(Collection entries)

--- START ---

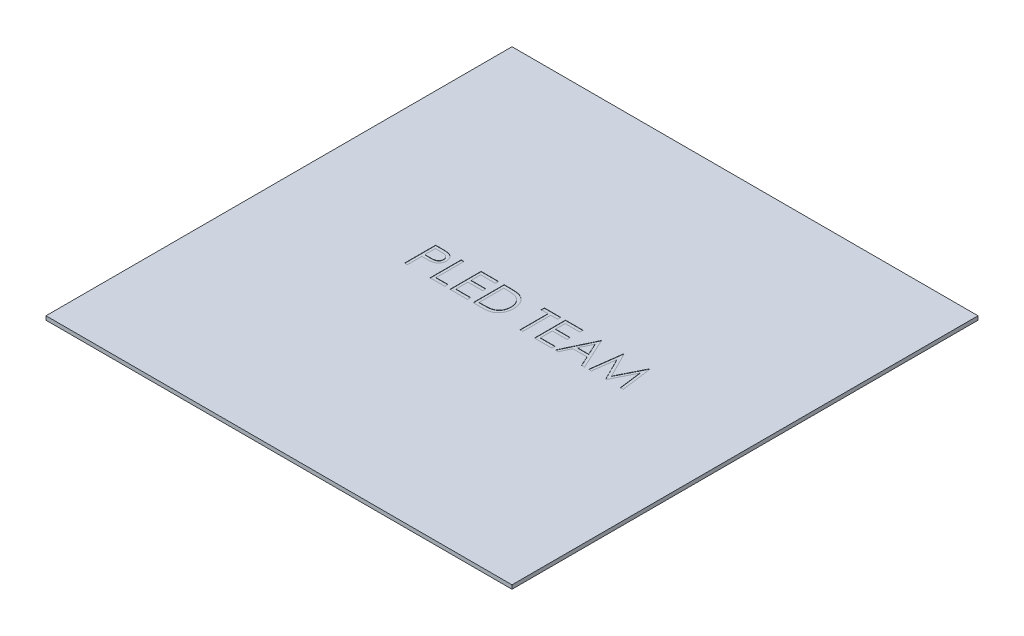
from build123d import *

# Parameters (mm, degrees)
SKETCH1_W           = 381
SKETCH1_H           = 381
BOSS_EXTRUDE1_DEPTH = 3.175
CUT_EXTRUDE1_DEPTH  = 0.254


with BuildPart() as part:
    # Sketch1 → Boss-Extrude1 (new body)
    with BuildSketch(Plane(origin=(0, 0, 0), x_dir=(1, 0, 0), z_dir=(0, 1, 0))):
        Rectangle(SKETCH1_W, SKETCH1_H)
    extrude(amount=BOSS_EXTRUDE1_DEPTH)

    # Sketch3 → Cut-Extrude1 (cut)
    # profile 1 of 8: a face of its own
    with BuildSketch(Plane(origin=(0, 3.175, 0), x_dir=(1, 0, 0), z_dir=(0, 1, 0))):
        with BuildLine():
            Line((-81.199118404, 18.794440271), (-76.217828339, 18.794440271))
            add(Edge.make_bspline(
                [(-76.217828339, 18.794440271), (-75.875212049, 18.794063653), (-75.218744021, 18.793342035), (-74.277383331, 18.771463594), (-73.422421279, 18.742241314), (-72.655701372, 18.701732718), (-71.974864545, 18.65386032), (-71.382991572, 18.586716949), (-70.87543022, 18.516610804), (-70.57130913, 18.445335454), (-70.432611993, 18.412829694)],
                knots=[0, 0, 0, 0, 1.415646017, 2.712440637, 3.8905458, 4.950247383, 5.884950622, 6.709939814, 7.411656543, 8, 8, 8, 8], degree=3))
            add(Edge.make_bspline(
                [(-70.432611993, 18.412829694), (-70.257036062, 18.364773259), (-69.910021428, 18.269792777), (-69.409996715, 18.07955604), (-68.934263093, 17.853988327), (-68.481188355, 17.596911735), (-68.056340095, 17.297296498), (-67.653379683, 16.967287958), (-67.275863255, 16.59926686), (-66.925913725, 16.19736092), (-66.604532623, 15.768317111), (-66.327820068, 15.305730642), (-66.096119621, 14.81738804), (-65.897395308, 14.303628981), (-65.754368238, 13.760139205), (-65.646622166, 13.190695064), (-65.578233554, 12.595357598), (-65.571683534, 12.188523131), (-65.568349173, 11.981419438)],
                knots=[0, 0, 0, 0, 0.999701418, 1.975846123, 2.934577507, 3.890451536, 4.834027766, 5.787354733, 6.749476667, 7.726910423, 8.712836071, 9.690891519, 10.682875813, 11.679750201, 12.712814741, 13.765529915, 14.8625177, 16, 16, 16, 16], degree=3))
            add(Edge.make_bspline(
                [(-65.568349173, 11.981419438), (-65.571407512, 11.772575001), (-65.57739136, 11.363956754), (-65.649210116, 10.766165662), (-65.745949221, 10.19489506), (-65.894699258, 9.651411619), (-66.089522143, 9.138942885), (-66.318064469, 8.649657373), (-66.593716375, 8.191879182), (-66.91045314, 7.763946386), (-67.262798996, 7.365457308), (-67.649263176, 6.999299657), (-68.06828547, 6.667616744), (-68.518534202, 6.369664993), (-69.004398819, 6.112353707), (-69.518510448, 5.881886408), (-70.065337733, 5.688330711), (-70.443743405, 5.586512551), (-70.636137634, 5.534744759)],
                knots=[0, 0, 0, 0, 1.121902311, 2.195077645, 3.232258892, 4.234102512, 5.217864754, 6.176164875, 7.132989551, 8.084763148, 9.034132444, 9.988522005, 10.94243251, 11.903244335, 12.886203696, 13.894208494, 14.929344452, 16, 16, 16, 16], degree=3))
            add(Edge.make_bspline(
                [(-70.636137634, 5.534744759), (-70.79526743, 5.500904839), (-71.144009628, 5.426742687), (-71.718359669, 5.343949886), (-72.387071898, 5.273282727), (-73.149233587, 5.220297328), (-74.004160611, 5.174937511), (-74.95231545, 5.138883344), (-75.995559325, 5.119072405), (-76.723242067, 5.118050651), (-77.103164878, 5.117517194)],
                knots=[0, 0, 0, 0, 0.601384939, 1.31797006, 2.144135048, 3.087295005, 4.142315834, 5.309527816, 6.595305764, 8, 8, 8, 8], degree=3))
            Line((-77.103164878, 5.117517194), (-78.919631224, 5.117517194))
            Line((-78.919631224, 5.117517194), (-78.919631224, -6.605559729))
            Line((-78.919631224, -6.605559729), (-81.199118404, -6.605559729))
            Line((-81.199118404, -6.605559729), (-81.199118404, 18.794440271))
        make_face()
        with BuildLine():
            Line((-78.919631224, 16.189312066), (-78.919631224, 7.7226454))
            Line((-78.919631224, 7.7226454), (-74.472595968, 7.666675848))
            add(Edge.make_bspline(
                [(-74.472595968, 7.666675848), (-74.255462792, 7.666563627), (-73.836291672, 7.666346986), (-73.230783081, 7.695268322), (-72.669012824, 7.728655044), (-72.152706477, 7.777538603), (-71.681631296, 7.846635729), (-71.2550018, 7.916389484), (-70.87612609, 8.017302687), (-70.432720455, 8.153178675), (-69.938629876, 8.384918228), (-69.401111095, 8.721286002), (-68.945575983, 9.150043141), (-68.551380343, 9.632119403), (-68.238554829, 10.168415942), (-68.009548485, 10.742230511), (-67.874992657, 11.347678334), (-67.856949995, 11.761975113), (-67.847836352, 11.971243156)],
                knots=[0, 0, 0, 0, 1.160613943, 2.240541288, 3.23993089, 4.169200891, 5.011653406, 5.7853311, 6.478053781, 7.106038997, 8.262395093, 9.384106736, 10.481365981, 11.59014053, 12.70357646, 13.786202915, 14.881775077, 16, 16, 16, 16], degree=3))
            add(Edge.make_bspline(
                [(-67.847836352, 11.971243156), (-67.856999558, 12.175448368), (-67.875214878, 12.581383056), (-68.010603142, 13.176314633), (-68.238109591, 13.744082316), (-68.553480305, 14.273658421), (-68.93623022, 14.754000027), (-69.38108831, 15.171264892), (-69.887007407, 15.506702392), (-70.357620283, 15.723206778), (-70.775640319, 15.855397634), (-71.138729399, 15.947888762), (-71.548690294, 16.021734591), (-72.005656465, 16.081529839), (-72.50608606, 16.132717815), (-73.054278402, 16.167450336), (-73.648156842, 16.187780904), (-74.06043927, 16.188789322), (-74.274158468, 16.189312066)],
                knots=[0, 0, 0, 0, 1.120700087, 2.227813068, 3.331159281, 4.466773991, 5.599788987, 6.693661531, 7.80175334, 8.91857717, 9.525282508, 10.207424825, 10.974604443, 11.810962634, 12.737642355, 13.736264703, 14.826523623, 16, 16, 16, 16], degree=3))
            Line((-74.274158468, 16.189312066), (-78.919631224, 16.189312066))
        make_face(mode=Mode.SUBTRACT)
    # profile 2 of 8: a face of its own
    with BuildSketch(Plane(origin=(0, 3.175, 0), x_dir=(1, 0, 0), z_dir=(0, 1, 0))):
        Polygon((-60.358092763, 18.794440271), (-58.078605583, 18.794440271), (-58.078605583, -4.000431523), (-48.309374814, -4.000431523), (-48.309374814, -6.605559729), (-60.358092763, -6.605559729), align=None)
    # profile 3 of 8: a face of its own
    with BuildSketch(Plane(origin=(0, 3.175, 0), x_dir=(1, 0, 0), z_dir=(0, 1, 0))):
        Polygon((-44.07604148, 18.794440271), (-29.747836352, 18.794440271), (-29.747836352, 16.189312066), (-41.796554301, 16.189312066), (-41.796554301, 8.373927451), (-29.747836352, 8.373927451), (-29.747836352, 5.768799246), (-41.796554301, 5.768799246), (-41.796554301, -4.000431523), (-29.747836352, -4.000431523), (-29.747836352, -6.605559729), (-44.07604148, -6.605559729), align=None)
    # profile 4 of 8: a face of its own
    with BuildSketch(Plane(origin=(0, 3.175, 0), x_dir=(1, 0, 0), z_dir=(0, 1, 0))):
        with BuildLine():
            Line((-25.188861993, -6.605559729), (-25.188861993, 18.794440271))
            Line((-25.188861993, 18.794440271), (-20.060015839, 18.794440271))
            add(Edge.make_bspline(
                [(-20.060015839, 18.794440271), (-19.613926611, 18.791228478), (-18.752084542, 18.785023309), (-17.506668495, 18.745679499), (-16.354352048, 18.676080118), (-15.298925013, 18.574701272), (-14.337489932, 18.450219256), (-13.47273889, 18.29418775), (-12.700200482, 18.109942171), (-12.225079399, 17.952858046), (-12.000400455, 17.878574887)],
                knots=[0, 0, 0, 0, 1.314313732, 2.53924729, 3.670748893, 4.714932338, 5.66265055, 6.526160246, 7.303039223, 8, 8, 8, 8], degree=3))
            add(Edge.make_bspline(
                [(-12.000400455, 17.878574887), (-11.706524347, 17.766592052), (-11.125436266, 17.54516578), (-10.29807029, 17.127471479), (-9.519194799, 16.654210684), (-8.784633005, 16.124759566), (-8.11116415, 15.524126865), (-7.472478271, 14.877826873), (-6.894702847, 14.162357204), (-6.365596927, 13.392555862), (-5.888543856, 12.577491255), (-5.473876825, 11.718716466), (-5.129496416, 10.820592727), (-4.843614143, 9.885617653), (-4.618305565, 8.911735369), (-4.464585261, 7.897811884), (-4.363195791, 6.847854338), (-4.353006391, 6.135388229), (-4.347836352, 5.773887387)],
                knots=[0, 0, 0, 0, 0.984719456, 1.947108742, 2.898477687, 3.838006223, 4.779231079, 5.722358779, 6.681677486, 7.655904652, 8.64651281, 9.637519902, 10.640069247, 11.656948941, 12.698408672, 13.768548281, 14.867775369, 16, 16, 16, 16], degree=3))
            add(Edge.make_bspline(
                [(-4.347836352, 5.773887387), (-4.352400859, 5.459934399), (-4.361395697, 4.841257245), (-4.442162732, 3.929463317), (-4.559556597, 3.044719113), (-4.741305919, 2.191237747), (-4.961941302, 1.361541537), (-5.244709714, 0.56447325), (-5.568635886, -0.207278966), (-5.946369291, -0.943280077), (-6.361052485, -1.640570837), (-6.806073136, -2.297890383), (-7.280956582, -2.905859136), (-7.790231175, -3.466318206), (-8.327315746, -3.978422689), (-8.895726602, -4.446450458), (-9.496930456, -4.861243742), (-10.128234559, -5.239102184), (-10.808055611, -5.568724193), (-11.549270182, -5.847616264), (-12.355039303, -6.078731701), (-13.223385161, -6.271560488), (-14.155808114, -6.424521484), (-15.153222323, -6.527038732), (-16.21409534, -6.596365729), (-16.942562008, -6.602435556), (-17.317507827, -6.605559729)],
                knots=[0, 0, 0, 0, 1.105936401, 2.179363191, 3.223086493, 4.248585256, 5.251745608, 6.245858792, 7.225916811, 8.198733463, 9.158002045, 10.082870192, 10.993790845, 11.873723703, 12.748670949, 13.606408763, 14.465103618, 15.319838547, 16.196477973, 17.123216899, 18.106603292, 19.147568657, 20.255746949, 21.433717677, 22.679120308, 24, 24, 24, 24], degree=3))
            Line((-17.317507827, -6.605559729), (-25.188861993, -6.605559729))
        make_face()
        with BuildLine():
            Line((-22.909374814, -4.000431523), (-19.993870006, -4.000431523))
            add(Edge.make_bspline(
                [(-19.993870006, -4.000431523), (-19.574926973, -3.998631053), (-18.769146093, -3.995168088), (-17.610485198, -3.964780957), (-16.551817578, -3.915128039), (-15.59299291, -3.845640331), (-14.734552562, -3.753702381), (-13.974702492, -3.651195944), (-13.315933474, -3.52348873), (-12.917302703, -3.407730339), (-12.733092763, -3.354237613)],
                knots=[0, 0, 0, 0, 1.375205317, 2.645023457, 3.804390687, 4.853969522, 5.800190428, 6.637939096, 7.370582563, 8, 8, 8, 8], degree=3))
            add(Edge.make_bspline(
                [(-12.733092763, -3.354237613), (-12.501238935, -3.272583448), (-12.043069103, -3.111225425), (-11.383532085, -2.816892683), (-10.768438394, -2.46824452), (-10.187068496, -2.080696589), (-9.64766934, -1.640579889), (-9.14384861, -1.157464713), (-8.67662068, -0.628892345), (-8.250812845, -0.05551883), (-7.869752582, 0.559087116), (-7.539761374, 1.208883223), (-7.250553116, 1.886749789), (-7.023559901, 2.603096254), (-6.845646804, 3.351518564), (-6.719628783, 4.132069369), (-6.641144783, 4.9446029), (-6.631990275, 5.497249745), (-6.627323532, 5.778975528)],
                knots=[0, 0, 0, 0, 0.998632004, 1.973411704, 2.929992603, 3.868527914, 4.809262121, 5.754881198, 6.702106254, 7.672490631, 8.653608572, 9.636854334, 10.631411391, 11.644891563, 12.686317036, 13.754757253, 14.855430412, 16, 16, 16, 16], degree=3))
            add(Edge.make_bspline(
                [(-6.627323532, 5.778975528), (-6.631048531, 6.076035642), (-6.638366326, 6.659612866), (-6.730345608, 7.515888197), (-6.864759182, 8.339433489), (-7.059132218, 9.130303822), (-7.306824881, 9.890042149), (-7.615940282, 10.614446594), (-7.96912089, 11.311167643), (-8.389333677, 11.964124468), (-8.849549698, 12.581657318), (-9.360292022, 13.147387276), (-9.913446245, 13.662603055), (-10.502979152, 14.135328353), (-11.145505529, 14.546544744), (-11.825889457, 14.914385229), (-12.554112328, 15.226557698), (-13.060753035, 15.392592873), (-13.31822898, 15.476972323)],
                knots=[0, 0, 0, 0, 1.122418816, 2.205001699, 3.251619955, 4.274784885, 5.280384055, 6.268708349, 7.249350384, 8.229342522, 9.199999885, 10.157847722, 11.105861043, 12.055065948, 13.010012805, 13.98527497, 14.976112212, 16, 16, 16, 16], degree=3))
            add(Edge.make_bspline(
                [(-13.31822898, 15.476972323), (-13.531234443, 15.535874399), (-13.984142498, 15.661116375), (-14.723206037, 15.797734793), (-15.55498455, 15.918236014), (-16.483170952, 16.020257214), (-17.506707198, 16.093462346), (-18.626380477, 16.148408458), (-19.84267475, 16.185468019), (-20.685827996, 16.187998637), (-21.123437314, 16.189312066)],
                knots=[0, 0, 0, 0, 0.674548936, 1.434276114, 2.292660221, 3.240891867, 4.284742987, 5.42552168, 6.663806718, 8, 8, 8, 8], degree=3))
            Line((-21.123437314, 16.189312066), (-22.909374814, 16.189312066))
            Line((-22.909374814, 16.189312066), (-22.909374814, -4.000431523))
        make_face(mode=Mode.SUBTRACT)
    # profile 5 of 8: a face of its own
    with BuildSketch(Plane(origin=(0, 3.175, 0), x_dir=(1, 0, 0), z_dir=(0, 1, 0))):
        Polygon((7.700881596, 16.189312066), (7.700881596, 18.794440271), (21.052163648, 18.794440271), (21.052163648, 16.189312066), (15.516266212, 16.189312066), (15.516266212, -6.605559729), (13.236779032, -6.605559729), (13.236779032, 16.189312066), align=None)
    # profile 6 of 8: a face of its own
    with BuildSketch(Plane(origin=(0, 3.175, 0), x_dir=(1, 0, 0), z_dir=(0, 1, 0))):
        Polygon((24.959855955, 18.794440271), (39.288061084, 18.794440271), (39.288061084, 16.189312066), (27.239343135, 16.189312066), (27.239343135, 8.373927451), (39.288061084, 8.373927451), (39.288061084, 5.768799246), (27.239343135, 5.768799246), (27.239343135, -4.000431523), (39.288061084, -4.000431523), (39.288061084, -6.605559729), (24.959855955, -6.605559729), align=None)
    # profile 7 of 8: a face of its own
    with BuildSketch(Plane(origin=(0, 3.175, 0), x_dir=(1, 0, 0), z_dir=(0, 1, 0))):
        Polygon((54.267548263, 18.794440271), (65.990625186, -6.605559729), (63.512700507, -6.605559729), (59.75765243, 1.535465912), (48.243189289, 1.535465912), (44.38129025, -6.605559729), (41.893189289, -6.605559729), (53.941907237, 18.794440271), align=None)
        Polygon((54.079287045, 13.843679053), (49.479607558, 4.140594118), (58.556851148, 4.140594118), align=None, mode=Mode.SUBTRACT)
    # profile 8 of 8: a face of its own
    with BuildSketch(Plane(origin=(0, 3.175, 0), x_dir=(1, 0, 0), z_dir=(0, 1, 0))):
        Polygon((69.247035443, -6.605559729), (72.600120378, 18.794440271), (72.925761404, 18.794440271), (83.412420058, -2.04658537), (93.873638007, 18.794440271), (94.204367173, 18.794440271), (97.577804673, -6.605559729), (95.288141212, -6.605559729), (92.856009802, 11.671042836), (83.687179673, -6.605559729), (83.17327743, -6.605559729), (73.968830314, 11.711747964), (71.541787045, -6.605559729), align=None)
    extrude(amount=-CUT_EXTRUDE1_DEPTH, mode=Mode.SUBTRACT)


solid = part.part

--- END ---

[Problem description]
What is the number of lines in these records that contain "part"? Reply with the number only.

[Solution to the problem]
2